Kiran Asher, a professor of women’s, gender and sexuality studies at the University of Massachusetts Amherst, first interviewed for the distinguished professor position in January and followed what she called a “perfectly normal” hiring process. Provost Magnus Egerstedt told her two weeks ago that her hire would be put up for the board’s approval at the May 13 meeting. During an open-session voice vote at the meeting, one unnamed tenure candidate was rejected.

When she spoke to Inside Higher Ed on Saturday, Asher had yet to receive an official notification about her employment outcome.

“Everybody I’ve spoken to—including the interim chair [Tanya Shields]—nobody has received anything. We’re just reading the negative signs,” she said. “The board put the approved personnel actions on their website, and since my name is not there, it’s assumed to be negative.”

The board approved five other outside hires and 27 promotions during the meeting. Members of the board did not respond to Inside Higher Ed’s questions about why Asher’s appointment was denied. Devin Duncan, UNC student body president and ex officio member of the board, told The Daily Tar Heel that he voted in favor of Asher’s appointment.

In a statement, vice chancellor for communications and marketing Dean Stoyer said the university “can’t acknowledge the name of the person who was denied tenure,” and the board “has a history of conferring tenure regularly.”

“As we’ve said repeatedly, tenure is a competitive imperative for Carolina. Carolina is committed to using tenure for faculty hiring and retention,” Stoyer wrote. “The University remains committed to recruiting and retaining top faculty and consistently reviews salaries and benefits to align offers with both our budget and current, relevant market data. Nothing has changed in the University’s tenure policies. ”

‘A Certain Kind of Rogueness’

But the UNC board also has a history of denying appointments to new professors despite faculty and administrators’ endorsements. In 2021, the board declined to vote to approve a tenured appointment for Nikole Hannah-Jones, a journalist and creator of The New York Times’ “1619 Project,” even after her hire was approved by a faculty committee and university administrators. Walter Hussman Jr., after whom UNC’s Hussman School of Journalism and Media is named, opposed her appointment. At the time, he told then–UNC chancellor Kevin Guskiewicz and at least one board member that he worried about “the controversy of tying the UNC journalism school to ‘The 1619 Project,’” and noted that he found himself “more in agreement with Pulitzer Prize–winning historians like James McPherson and Gordon Wood than I do Nikole Hannah-Jones.”

Following pushback from students, faculty and alumni, the board ultimately voted to approve the appointment six months later, but Hannah-Jones declined to accept it.
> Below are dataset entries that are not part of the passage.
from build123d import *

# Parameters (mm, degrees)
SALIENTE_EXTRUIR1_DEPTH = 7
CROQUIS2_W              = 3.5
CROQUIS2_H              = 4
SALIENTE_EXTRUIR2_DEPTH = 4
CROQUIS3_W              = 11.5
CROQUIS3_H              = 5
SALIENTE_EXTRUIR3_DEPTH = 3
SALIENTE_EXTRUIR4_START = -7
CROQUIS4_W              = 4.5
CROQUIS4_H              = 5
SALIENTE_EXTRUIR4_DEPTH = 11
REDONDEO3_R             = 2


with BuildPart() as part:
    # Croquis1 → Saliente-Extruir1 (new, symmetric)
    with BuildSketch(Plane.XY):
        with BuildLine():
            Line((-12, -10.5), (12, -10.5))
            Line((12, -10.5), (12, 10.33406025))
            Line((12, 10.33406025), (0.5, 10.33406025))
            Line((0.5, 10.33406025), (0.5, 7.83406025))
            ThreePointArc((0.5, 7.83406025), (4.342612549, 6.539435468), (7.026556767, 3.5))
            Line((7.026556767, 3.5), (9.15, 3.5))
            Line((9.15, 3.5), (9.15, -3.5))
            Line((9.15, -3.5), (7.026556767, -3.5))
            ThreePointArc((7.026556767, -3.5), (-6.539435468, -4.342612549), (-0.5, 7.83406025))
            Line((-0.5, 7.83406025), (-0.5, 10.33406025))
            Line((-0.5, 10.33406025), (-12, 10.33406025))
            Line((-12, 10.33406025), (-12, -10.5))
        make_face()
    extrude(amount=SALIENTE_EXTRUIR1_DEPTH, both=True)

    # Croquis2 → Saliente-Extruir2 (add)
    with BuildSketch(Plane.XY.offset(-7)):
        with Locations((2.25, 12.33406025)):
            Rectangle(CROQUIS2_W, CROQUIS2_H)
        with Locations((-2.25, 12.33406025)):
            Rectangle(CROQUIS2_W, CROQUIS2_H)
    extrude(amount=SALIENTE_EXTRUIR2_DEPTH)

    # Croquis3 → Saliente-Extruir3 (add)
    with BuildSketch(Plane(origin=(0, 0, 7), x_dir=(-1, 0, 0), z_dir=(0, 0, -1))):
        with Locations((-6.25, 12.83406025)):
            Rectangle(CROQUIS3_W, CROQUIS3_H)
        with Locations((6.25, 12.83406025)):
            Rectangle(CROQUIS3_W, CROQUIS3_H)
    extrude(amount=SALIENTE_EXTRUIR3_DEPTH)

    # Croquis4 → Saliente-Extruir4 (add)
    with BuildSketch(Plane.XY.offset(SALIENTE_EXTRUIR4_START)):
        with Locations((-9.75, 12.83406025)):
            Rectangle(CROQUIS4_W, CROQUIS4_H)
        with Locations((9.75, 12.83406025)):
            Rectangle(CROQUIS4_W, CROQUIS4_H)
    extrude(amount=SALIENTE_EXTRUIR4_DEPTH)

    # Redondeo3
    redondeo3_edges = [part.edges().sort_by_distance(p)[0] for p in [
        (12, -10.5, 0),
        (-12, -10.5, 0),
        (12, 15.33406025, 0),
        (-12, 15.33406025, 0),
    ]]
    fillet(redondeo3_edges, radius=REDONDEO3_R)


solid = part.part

Instead, she took a position at Howard University in Washington, D.C.

Asher suspects the reasons her appointment was denied are similarly political.

“So many women and people of color—especially women of color in fields like mine, folks that do gender work, race work, social justice work, non-Christian work, Islamic studies—have been denied tenure,” Asher said. “I don’t see this as an individual thing—it’s all systematic.”

The UNC board has also recently called into question the merits of granting tenure altogether. In March 2025, the board postponed a vote on tenure for 33 faculty members. During a closed session with former provost Chris Clemens, members “engaged in a sweeping policy discussion about tenure’s institutional value and global costs,” according to a lawsuit Clemens filed after the delayed vote.

The board eventually voted to approve the tenure cases over email in June 2025. Still, several members expressed concerns about tenure. In one email, obtained by Inside Higher Ed, trustee Marty Kotis said he had opposed tenure since 2014 and finds it “difficult to believe university professors uniquely require lifetime job security comparable to positions held by the Pope or Federal Judges.” Two other trustees expressed concern about the financial impact of tenure.

Asher said the public has already shown a lot of interest in her case, but she sees it as just a small part of a much larger issue.

“Somebody said to me ‘the BOT has gone rogue,’ but rogue doesn’t just happen [on its own],” Asher said. “Certain things facilitate a certain kind of rogueness.”